▶ **WORK TO BE COMPLETED**
Pull every line with the word "view" out of the entries below.
Top of SOURCE DATA
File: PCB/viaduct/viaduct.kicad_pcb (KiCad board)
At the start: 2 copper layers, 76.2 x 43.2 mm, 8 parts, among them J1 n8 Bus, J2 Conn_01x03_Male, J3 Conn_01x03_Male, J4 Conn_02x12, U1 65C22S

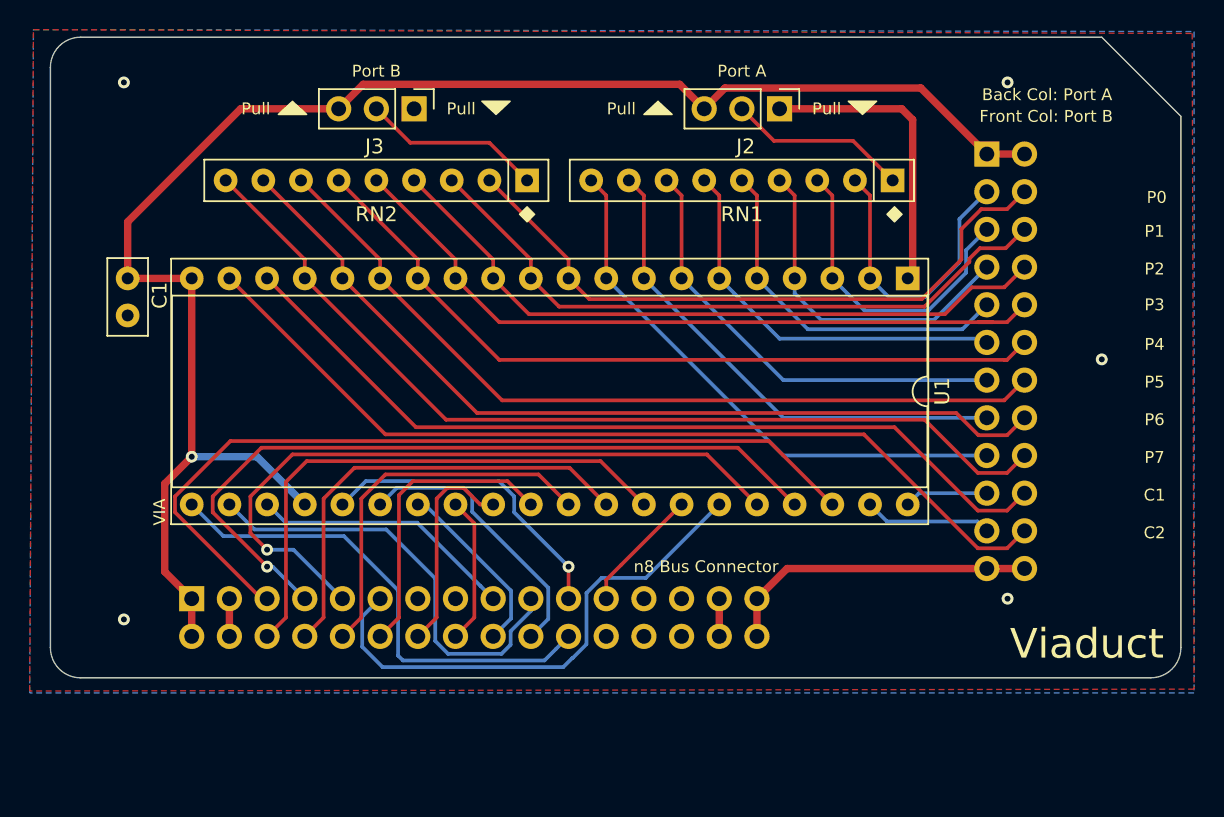
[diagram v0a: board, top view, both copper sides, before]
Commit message: New placement and parts for v2
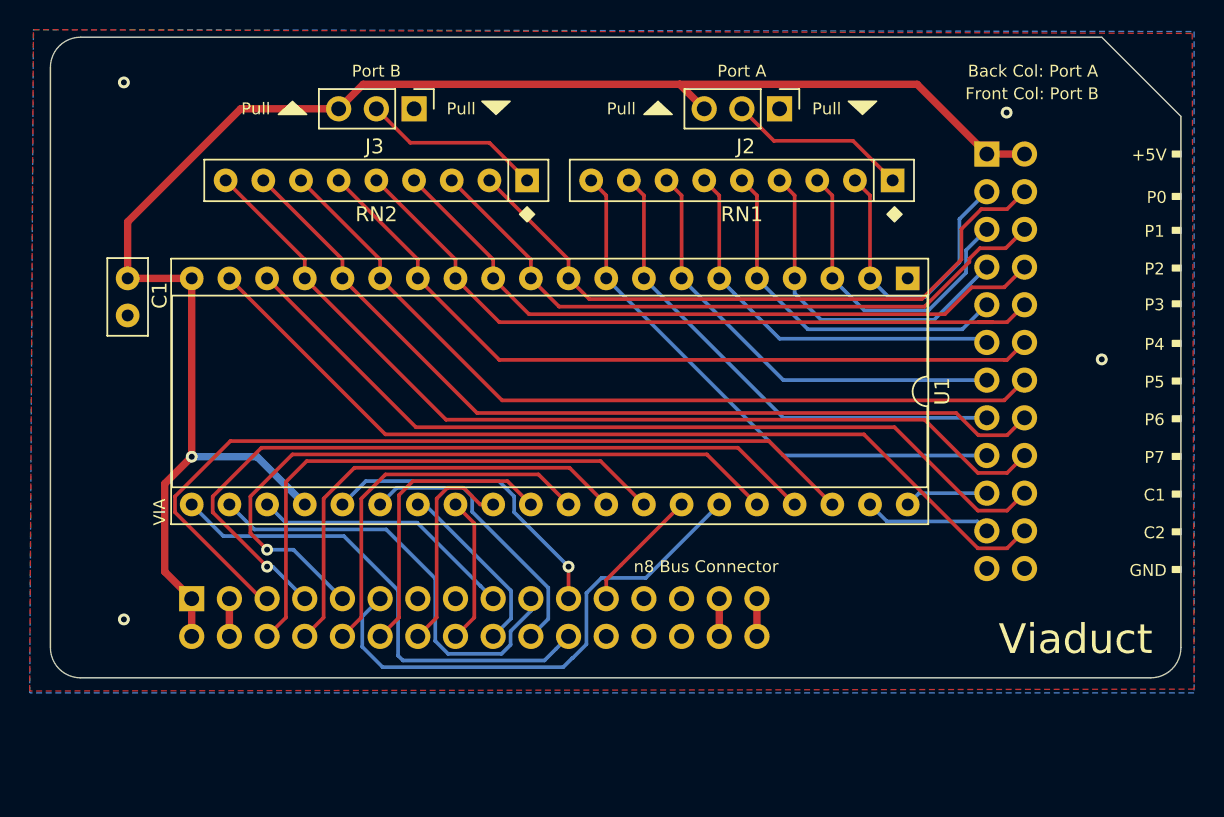
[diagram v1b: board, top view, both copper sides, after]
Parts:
- J2: value Conn_01x03_Male -> PORT_A_PULLUP_DOWN
- J3: value Conn_01x03_Male -> PORT_B_PULLUP_DOWN
- J4: value Conn_02x12 -> GPIO
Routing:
- net GND: track 44.1 -> 5.08 mm, vias 5 -> 4
- net +5V: track 110.1 -> 111.3 mm
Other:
- board text added: "+5V"
- board text added: "GND"
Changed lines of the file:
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@@
   (general
     (thickness 1.6)
-    (drawings 40)
-    (tracks 264)
+    (drawings 54)
+    (tracks 255)
     (zones 0)
     (modules 8)
@@
       (outputformat 1)
       (mirror false)
-      (drillshape 1)
+      (drillshape 0)
       (scaleselection 1)
-      (outputdirectory ""))
+      (outputdirectory "gerbers/"))
   )
   (net 0 "")
@@
       (effects (font (size 1 1) (thickness 0.15)) (justify mirror))
     )
-    (fp_text value Conn_02x12 (at -5.65 -30.71) (layer B.Fab)
+    (fp_text value GPIO (at -5.65 -30.71) (layer B.Fab)
       (effects (font (size 1 1) (thickness 0.15)) (justify mirror))
     )
@@
       (effects (font (size 1 1) (thickness 0.15)))
     )
-    (fp_text value Conn_01x03_Male (at 0 7.41 90) (layer F.Fab)
+    (fp_text value PORT_B_PULLUP_DOWN (at 0 7.41 90) (layer F.Fab)
       (effects (font (size 1 1) (thickness 0.15)))
     )
@@
       (effects (font (size 1 1) (thickness 0.15)))
     )
-    (fp_text value Conn_01x03_Male (at 0 7.41 90) (layer F.Fab)
+    (fp_text value PORT_A_PULLUP_DOWN (at 0 7.41 90) (layer F.Fab)
       (effects (font (size 1 1) (thickness 0.15)))
     )
@@
     )
   )
+  (gr_poly (pts (xy 187.579 128.27) (xy 187.0075 128.27) (xy 187.0075 127.889) (xy 187.579 127.889)) (layer F.SilkS) (width 0.1))
+  (gr_poly (pts (xy 187.579 125.73) (xy 187.0075 125.73) (xy 187.0075 125.349) (xy 187.579 125.349)) (layer F.SilkS) (width 0.1))
+  (gr_poly (pts (xy 187.579 123.19) (xy 187.0075 123.19) (xy 187.0075 122.809) (xy 187.579 122.809)) (layer F.SilkS) (width 0.1))
+  (gr_poly (pts (xy 187.579 120.65) (xy 187.0075 120.65) (xy 187.0075 120.269) (xy 187.579 120.269)) (layer F.SilkS) (width 0.1))
+  (gr_poly (pts (xy 187.579 118.11) (xy 187.0075 118.11) (xy 187.0075 117.729) (xy 187.579 117.729)) (layer F.SilkS) (width 0.1))
+  (gr_poly (pts (xy 187.579 115.57) (xy 187.0075 115.57) (xy 187.0075 115.189) (xy 187.579 115.189)) (layer F.SilkS) (width 0.1))
+  (gr_poly (pts (xy 187.579 113.03) (xy 187.0075 113.03) (xy 187.0075 112.649) (xy 187.579 112.649)) (layer F.SilkS) (width 0.1))
+  (gr_poly (pts (xy 187.579 110.363) (xy 187.0075 110.363) (xy 187.0075 109.982) (xy 187.579 109.982)) (layer F.SilkS) (width 0.1))
+  (gr_poly (pts (xy 187.579 107.95) (xy 187.0075 107.95) (xy 187.0075 107.569) (xy 187.579 107.569)) (layer F.SilkS) (width 0.1))
+  (gr_poly (pts (xy 187.579 105.41) (xy 187.0075 105.41) (xy 187.0075 105.029) (xy 187.579 105.029)) (layer F.SilkS) (width 0.1))
+  (gr_poly (pts (xy 187.579 103.124) (xy 187.0075 103.124) (xy 187.0075 102.743) (xy 187.579 102.743)) (layer F.SilkS) (width 0.1))
+  (gr_poly (pts (xy 187.579 100.2665) (xy 187.0075 100.2665) (xy 187.0075 99.8855) (xy 187.579 99.8855)) (layer F.SilkS) (width 0.1))
+  (gr_text GND (at 186.6265 128.143) (layer F.SilkS)
+    (effects (font (size 0.8 0.8) (thickness 0.15)) (justify right))
+  )
+  (gr_text +5V (at 186.6265 100.1395) (layer F.SilkS)
+    (effects (font (size 0.8 0.8) (thickness 0.15)) (justify right))
+  )
   (dimension 43.18 (width 0.15) (layer Dwgs.User)
-    (gr_text "43.180 mm" (at 190.911 113.792 270) (layer Dwgs.User)
-      (effects (font (size 1 1) (thickness 0.15)))
-    )
-    (feature1 (pts (xy 181.229 135.382) (xy 190.197421 135.382)))
-    (feature2 (pts (xy 181.229 92.202) (xy 190.197421 92.202)))
-    (crossbar (pts (xy 189.611 92.202) (xy 189.611 135.382)))
-    (arrow1a (pts (xy 189.611 135.382) (xy 189.024579 134.255496)))
-    (arrow1b (pts (xy 189.611 135.382) (xy 190.197421 134.255496)))
-    (arrow2a (pts (xy 189.611 92.202) (xy 189.024579 93.328504)))
-    (arrow2b (pts (xy 189.611 92.202) (xy 190.197421 93.328504)))
+    (gr_text "43.180 mm" (at 190.9745 113.792 270) (layer Dwgs.User)
+      (effects (font (size 1 1) (thickness 0.15)))
+    )
+    (feature1 (pts (xy 181.2925 135.382) (xy 190.260921 135.382)))
+    (feature2 (pts (xy 181.2925 92.202) (xy 190.260921 92.202)))
+    (crossbar (pts (xy 189.6745 92.202) (xy 189.6745 135.382)))
+    (arrow1a (pts (xy 189.6745 135.382) (xy 189.088079 134.255496)))
+    (arrow1b (pts (xy 189.6745 135.382) (xy 190.260921 134.255496)))
+    (arrow2a (pts (xy 189.6745 92.202) (xy 189.088079 93.328504)))
+    (arrow2b (pts (xy 189.6745 92.202) (xy 190.260921 93.328504)))
   )
   (dimension 5.334 (width 0.15) (layer Dwgs.User)
@@
     (arrow2b (pts (xy 187.579 91.567) (xy 186.452496 92.153421)))
   )
-  (gr_text "by Nate Rivard\nhttps://github.com/nrivard/lmaos\nVersion 1\nMar 2021" (at 185.674 131.572) (layer B.SilkS)
+  (gr_text "by Nate Rivard\nhttps://github.com/nrivard/lmaos\nVersion 1\nMar 2021" (at 185.674 132.1435) (layer B.SilkS)
     (effects (font (size 0.8 0.8) (thickness 0.15)) (justify left mirror))
   )
@@
     (effects (font (size 0.8 0.8) (thickness 0.15)))
   )
-  (gr_text Viaduct (at 186.436 133.096) (layer F.SilkS)
+  (gr_text Viaduct (at 185.674 132.7785) (layer F.SilkS)
     (effects (font (size 2 2) (thickness 0.3)) (justify right))
   )
@@
   (gr_arc (start 185.547 133.35) (end 185.547 135.382) (angle -90) (layer Edge.Cuts) (width 0.05))
   (gr_line (start 187.579 97.536) (end 182.245 92.202) (layer Edge.Cuts) (width 0.05))
-  (gr_text "Front Col: Port B" (at 178.4985 97.536) (layer F.SilkS)
-    (effects (font (size 0.8 0.8) (thickness 0.15)))
-  )
-  (gr_text "Back Col: Port A" (at 178.562 96.0755) (layer F.SilkS)
+  (gr_text "Front Col: Port B" (at 177.546 96.012) (layer F.SilkS)
+    (effects (font (size 0.8 0.8) (thickness 0.15)))
+  )
+  (gr_text "Back Col: Port A" (at 177.6095 94.488) (layer F.SilkS)
     (effects (font (size 0.8 0.8) (thickness 0.15)))
   )
@@
   (gr_line (start 185.547 135.382) (end 113.411 135.382) (layer Edge.Cuts) (width 0.1))
   (segment (start 159.004 132.588) (end 159.004 130.048) (width 0.5) (layer F.Cu) (net 7))
-  (via (at 175.895 95.25) (size 0.8) (drill 0.4) (layers F.Cu B.Cu) (net 7))
-  (via (at 175.895 130.048) (size 0.8) (drill 0.4) (layers F.Cu B.Cu) (net 7))
+  (via (at 175.8315 97.282) (size 0.8) (drill 0.4) (layers F.Cu B.Cu) (net 7))
   (via (at 116.332 95.25) (size 0.8) (drill 0.4) (layers F.Cu B.Cu) (net 7))
   (via (at 116.332 131.445) (size 0.8) (drill 0.4) (layers F.Cu B.Cu) (net 7))
   (via (at 182.245 113.919) (size 0.8) (drill 0.4) (layers F.Cu B.Cu) (net 7))
   (segment (start 123.444 132.588) (end 123.444 130.048) (width 0.5) (layer F.Cu) (net 7))
-  (segment (start 177.038 128.016) (end 174.498 128.016) (width 0.5) (layer F.Cu) (net 7))
-  (segment (start 161.036 128.016) (end 159.004 130.048) (width 0.5) (layer F.Cu) (net 7))
-  (segment (start 174.498 128.016) (end 161.036 128.016) (width 0.5) (layer F.Cu) (net 7))
-  (segment (start 169.498001 108.123999) (end 169.164 108.458) (width 0.5) (layer F.Cu) (net 7))
-  (segment (start 168.759998 97.028) (end 169.498001 97.766003) (width 0.5) (layer F.Cu) (net 7))
-  (segment (start 169.498001 97.766003) (end 169.498001 108.123999) (width 0.5) (layer F.Cu) (net 7))
-  (segment (start 160.528 97.028) (end 168.759998 97.028) (width 0.5) (layer F.Cu) (net 7))
   (segment (start 120.904 132.588) (end 120.904 130.048) (width 0.5) (layer F.Cu) (net 8))
   (segment (start 153.797 95.377) (end 155.448 97.028) (width 0.5) (layer F.Cu) (net 8))
@@
   (segment (start 124.206 97.028) (end 130.81 97.028) (width 0.5) (layer F.Cu) (net 8))
   (segment (start 120.904 108.458) (end 116.586 108.458) (width 0.5) (layer F.Cu) (net 8))
-  (segment (start 177.038 100.076) (end 174.498 100.076) (width 0.5) (layer F.Cu) (net 8))
-  (segment (start 170.049999 95.627999) (end 156.848001 95.627999) (width 0.5) (layer F.Cu) (net 8))
-  (segment (start 156.848001 95.627999) (end 155.448 97.028) (width 0.5) (layer F.Cu) (net 8))
-  (segment (start 174.498 100.076) (end 170.049999 95.627999) (width 0.5) (layer F.Cu) (net 8))
+  (segment (start 169.799 95.377) (end 174.498 100.076) (width 0.5) (layer F.Cu) (net 8))
+  (segment (start 153.797 95.377) (end 169.799 95.377) (width 0.5) (layer F.Cu) (net 8))
+  (segment (start 174.498 100.076) (end 177.038 100.076) (width 0.5) (layer F.Cu) (net 8))
   (segment (start 153.924 123.698) (end 149.86 127.762) (width 0.25) (layer F.Cu) (net 9))
   (segment (start 148.844 128.778) (end 148.844 130.048) (width 0.25) (layer F.Cu) (net 9))

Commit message: release candidate for v2
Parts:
- J1: value n8 Bus -> n8 Bus Connector; moved to F.Cu
- moved J1 37.1 mm to (158.1, 130.1)
- renumbered J4 to J2, J2 to J3, J3 to J4
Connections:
- J1 pad 1: +5V -> GND
- J1 pad 10: /D2 -> ~RES
- J1 pad 11: /RS3 -> ~IRQ
- J1 pad 12: /D3 -> CLK
- J1 pad 13: Net-(J1-Pad13) -> /D7
- J1 pad 14: /D4 -> R~W
- J1 pad 15: Net-(J1-Pad15) -> /D6
- J1 pad 16: /D5 -> ~CS
- J1 pad 17: ~CS -> /D5
- J1 pad 18: /D6 -> Net-(J1-Pad18)
- J1 pad 19: R~W -> /D4
- J1 pad 2: +5V -> GND
- J1 pad 20: /D7 -> Net-(J1-Pad20)
- J1 pad 21: CLK -> /D3
- J1 pad 22: ~IRQ -> /RS3
- J1 pad 23: ~RES -> /D2
- J1 pad 24: Net-(J1-Pad24) -> /RS2
- J1 pad 25: Net-(J1-Pad25) -> /D1
- J1 pad 26: Net-(J1-Pad26) -> /RS1
- J1 pad 27: Net-(J1-Pad27) -> /D0
- J1 pad 28: Net-(J1-Pad28) -> /RS0
- J1 pad 29: Net-(J1-Pad29) -> GND
- J1 pad 3: GND -> +5V
- J1 pad 30: Net-(J1-Pad29) -> GND
- J1 pad 31: GND -> +5V
- J1 pad 32: GND -> +5V
- J1 pad 4: GND -> +5V
- J1 pad 5: /RS0 -> Net-(J1-Pad5)
- J1 pad 6: /D0 -> Net-(J1-Pad6)
- J1 pad 7: /RS1 -> Net-(J1-Pad7)
- J1 pad 8: /D1 -> Net-(J1-Pad8)
- J1 pad 9: /RS2 -> Net-(J1-Pad9)
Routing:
- net +5V: track 111.3 -> 145.8 mm, vias 1 -> 0
- net R~W: track 29.5 -> 56.6 mm
- net /RS0: track 58.2 -> 45.1 mm
- net /RS2: track 47.2 -> 35.0 mm, vias 1 -> 0
- net /RS1: track 51.9 -> 41.4 mm, vias 1 -> 0
- net /D7: track 19.0 -> 12.2 mm, vias 0 -> 1
- net /RS3: track 34.9 -> 28.4 mm
- net GND: track 5.08 -> 0.00 mm
- net /D4: track 14.4 -> 9.66 mm
- net /D0: track 36.9 -> 32.4 mm
- net /D3: track 20.0 -> 16.0 mm
- net /D1: track 30.7 -> 26.9 mm
- net /D2: track 25.3 -> 21.5 mm
- net ~RES: track 8.45 -> 11.6 mm
- net /D5: track 9.94 -> 6.77 mm
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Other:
- board text added: "JLCJLCJLCJLC"
- board text added: "by Nate Rivard https://github.com/nrivard/lmaos Version 2 Dec 2021"
- board text removed: "by Nate Rivard https://github.com/nrivard/lmaos Version 1 Mar 2021"
Bottom of SOURCE DATA
▶ **REPLY TO THE EXERCISE**
[diagram v0a: board, top view, both copper sides, before]
[diagram v1b: board, top view, both copper sides, after]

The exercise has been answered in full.